Coteaux de l’Aubance AOC is an appellation (1950) for a medium-sweet white wine made from Chenin Blanc in Anjou southwest of the city of Angers in the west of France’s Loire Valley. The vineyards lie in ten communes (listed below) o the south (left) bank of the Loire river opposite and just south of Angers, and immediately north of the more renowned Coteaux du Layon AOC. It is named after the Aubance, a tributary of the Loire which runs parallel with the Layon a few kilometres upstream (Clive Coates MW: 1990, p.235). Red wines from this same area can be bottled under the Anjou-Villages-Brissac AOC.
Vineyard area & wine production: 1988 112ha produced 1,749hl (Clive Coates MW: 1990, p.235).
Communes (10): Brissac-Quincé. | Denée. | Juigné-sur-Loire. | Mozé-sur-Louet. | Mûrs-Erigné. | Saint-Jean-des-Mauvrets. | Saint-Melaine-sur-Aubance. | Saint-Saturnin-sur-Loire. | Soulaines-sur-Aubance. | Vauchrétien.
Terroir: Andrew Jefford (2006, p.50) notes that ‘the [schistous soils, with its heat-retaining slate topsoil] are the same soils as Savennières, but [the zone has] not quite the same good fortune with its slopes and aspects.’ The geographical area is characterized by a landscape made up of many small hills, not very steep, of varied exposure, whose altitudes vary between 50 metres and 90 metres.
It extends over the territory of the 10 communes mentioned above and is limited, to the west, by the mouth of the Aubance river in the Loire, to the east, by a Cretaceous plateau on the edge of the Paris Basin, to the north, along the Loire and on the southern fringe, through the forests of Brissac and Beaulieu.
The Aubance is a small tributary of the Loire, emblematic of this geographical area and flowing north, from its source and to the town of Brissac-Quincé. It then turns north-west to the municipality of Mûrs-Erigné, then its course becomes parallel to that of the Loire south-west of the city of Angers.
The soils, developed on the schist or schisto-sandstone substrate of the Armorican Massif which constitutes a plateau sloping gently towards the Loire, are most often shallow with good thermal behavior and characterized by low water reserves. On the western part of the geographical area, occasional outcrops emerge from acidic eruptive formations (rhyoliths) or basic eruptions (spilites) at the origin of very stony soils.
The communes located north of the production zone have the particularity of being based on slate shale formations. These have been used for several centuries to build the walls of houses, build roofs, make floors and even make pieces of furniture such as sinks, tables or stairs.

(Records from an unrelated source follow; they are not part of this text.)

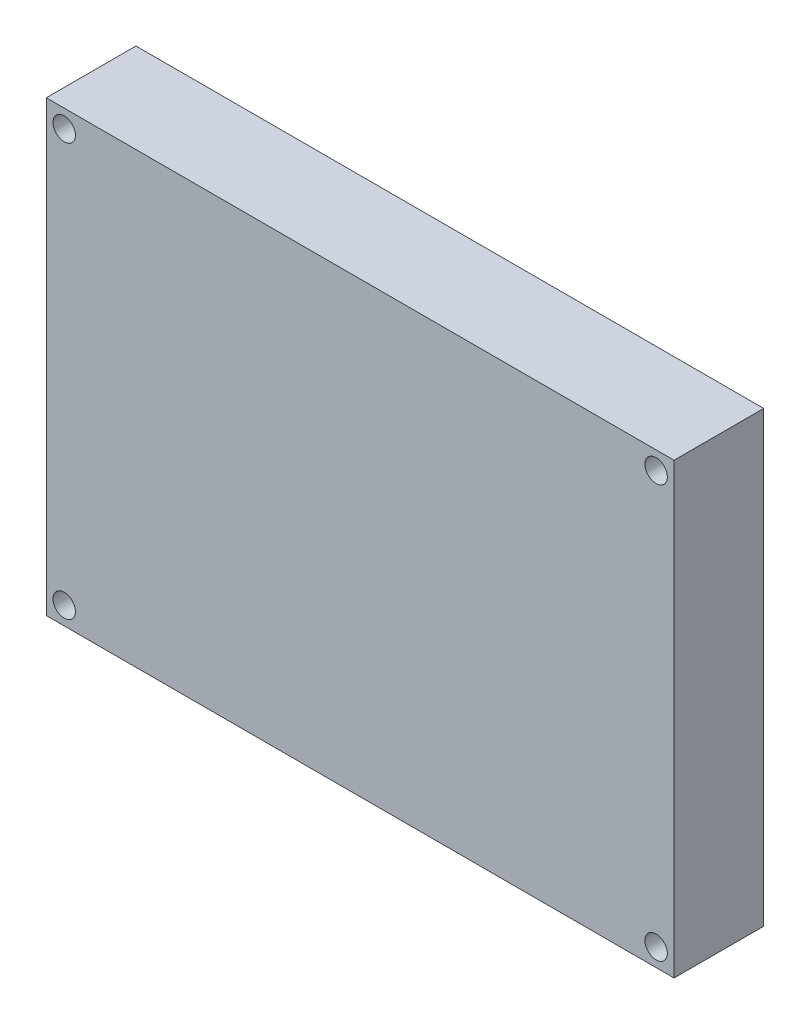
SolidWorks part; units mm, degrees
ref_plane "Piano frontale" through (0, 0, 0) normal (0, 0, 1) x (1, 0, 0)
ref_plane "Piano superiore" through (0, 0, 0) normal (0, 1, 0) x (1, 0, 0)
ref_plane "Piano destro" through (0, 0, 0) normal (1, 0, 0) x (0, 0, -1)
sketch "Schizzo1" plane through (0, 0, 0) normal (0, 0, 1) x (1, 0, 0)
  line L1 (-35, 25) -> (35, 25)
  line L2 (-35, 25) -> (-35, -25)
  line L3 (-35, -25) -> (35, -25)
  line L4 (35, 25) -> (35, -25)
  line L5 (-35, 25) -> (35, -25) construction
  line L6 (-35, -25) -> (35, 25) construction
  point P0 (0, 0)
  dimension "D1" = 50
  dimension "D2" = 70
extrude "Estrusione-Estrusione1" add sketch "Schizzo1" along normal blind 10
sketch "Schizzo2" plane through (0, 0, 10) normal (0, 0, 1) x (1, 0, 0)
  line L0 (-35, 25) -> (-35, -25) construction
  line L1 (35, 25) -> (-35, 25) construction
  line L2 (0, 30.1661) -> (0, -31.0602) construction
  line L3 (-47.7692, 0) -> (50.2666, 0) construction
  circle A0 centre (-33, 23) radius 1.25
  circle A1 centre (33, 23) radius 1.25
  circle A2 centre (33, -23) radius 1.25
  circle A3 centre (-33, -23) radius 1.25
  dimension "D1" = 2.5
  dimension "D2" = 2
  dimension "D3" = 2
extrude "Taglio-Estrusione1" cut sketch "Schizzo2" against normal through all

The geographical area is a low-watering enclave, benefiting from a Foehn effect, sheltered from oceanic humidity due to the higher reliefs of Choletais and Mauges. Annual precipitation is around 585 millimeters while it is nearly 800 millimeters in Choletais. The values found at Brissac-Quincé are the lowest of the weather stations in the department of Maine-et-Loire. There is also a difference in rainfall during the vegetative cycle of around 100 millimeters compared to the rest of the department.
Average temperatures are relatively high (around 12 ° C) and 1 ° C higher than the entire department of Maine-et-Loire. The particular mesoclimate of this sector is highlighted by the southern trend of the flora within which holm oaks and parasol pines are present.
Wineries: Domaine de Bablut. | Château de Bois-Brinçon. | Gué d’Orger. | Domaine Montgilet. | Château Princé. | Domaine Richou. | Domaine Rochambeau.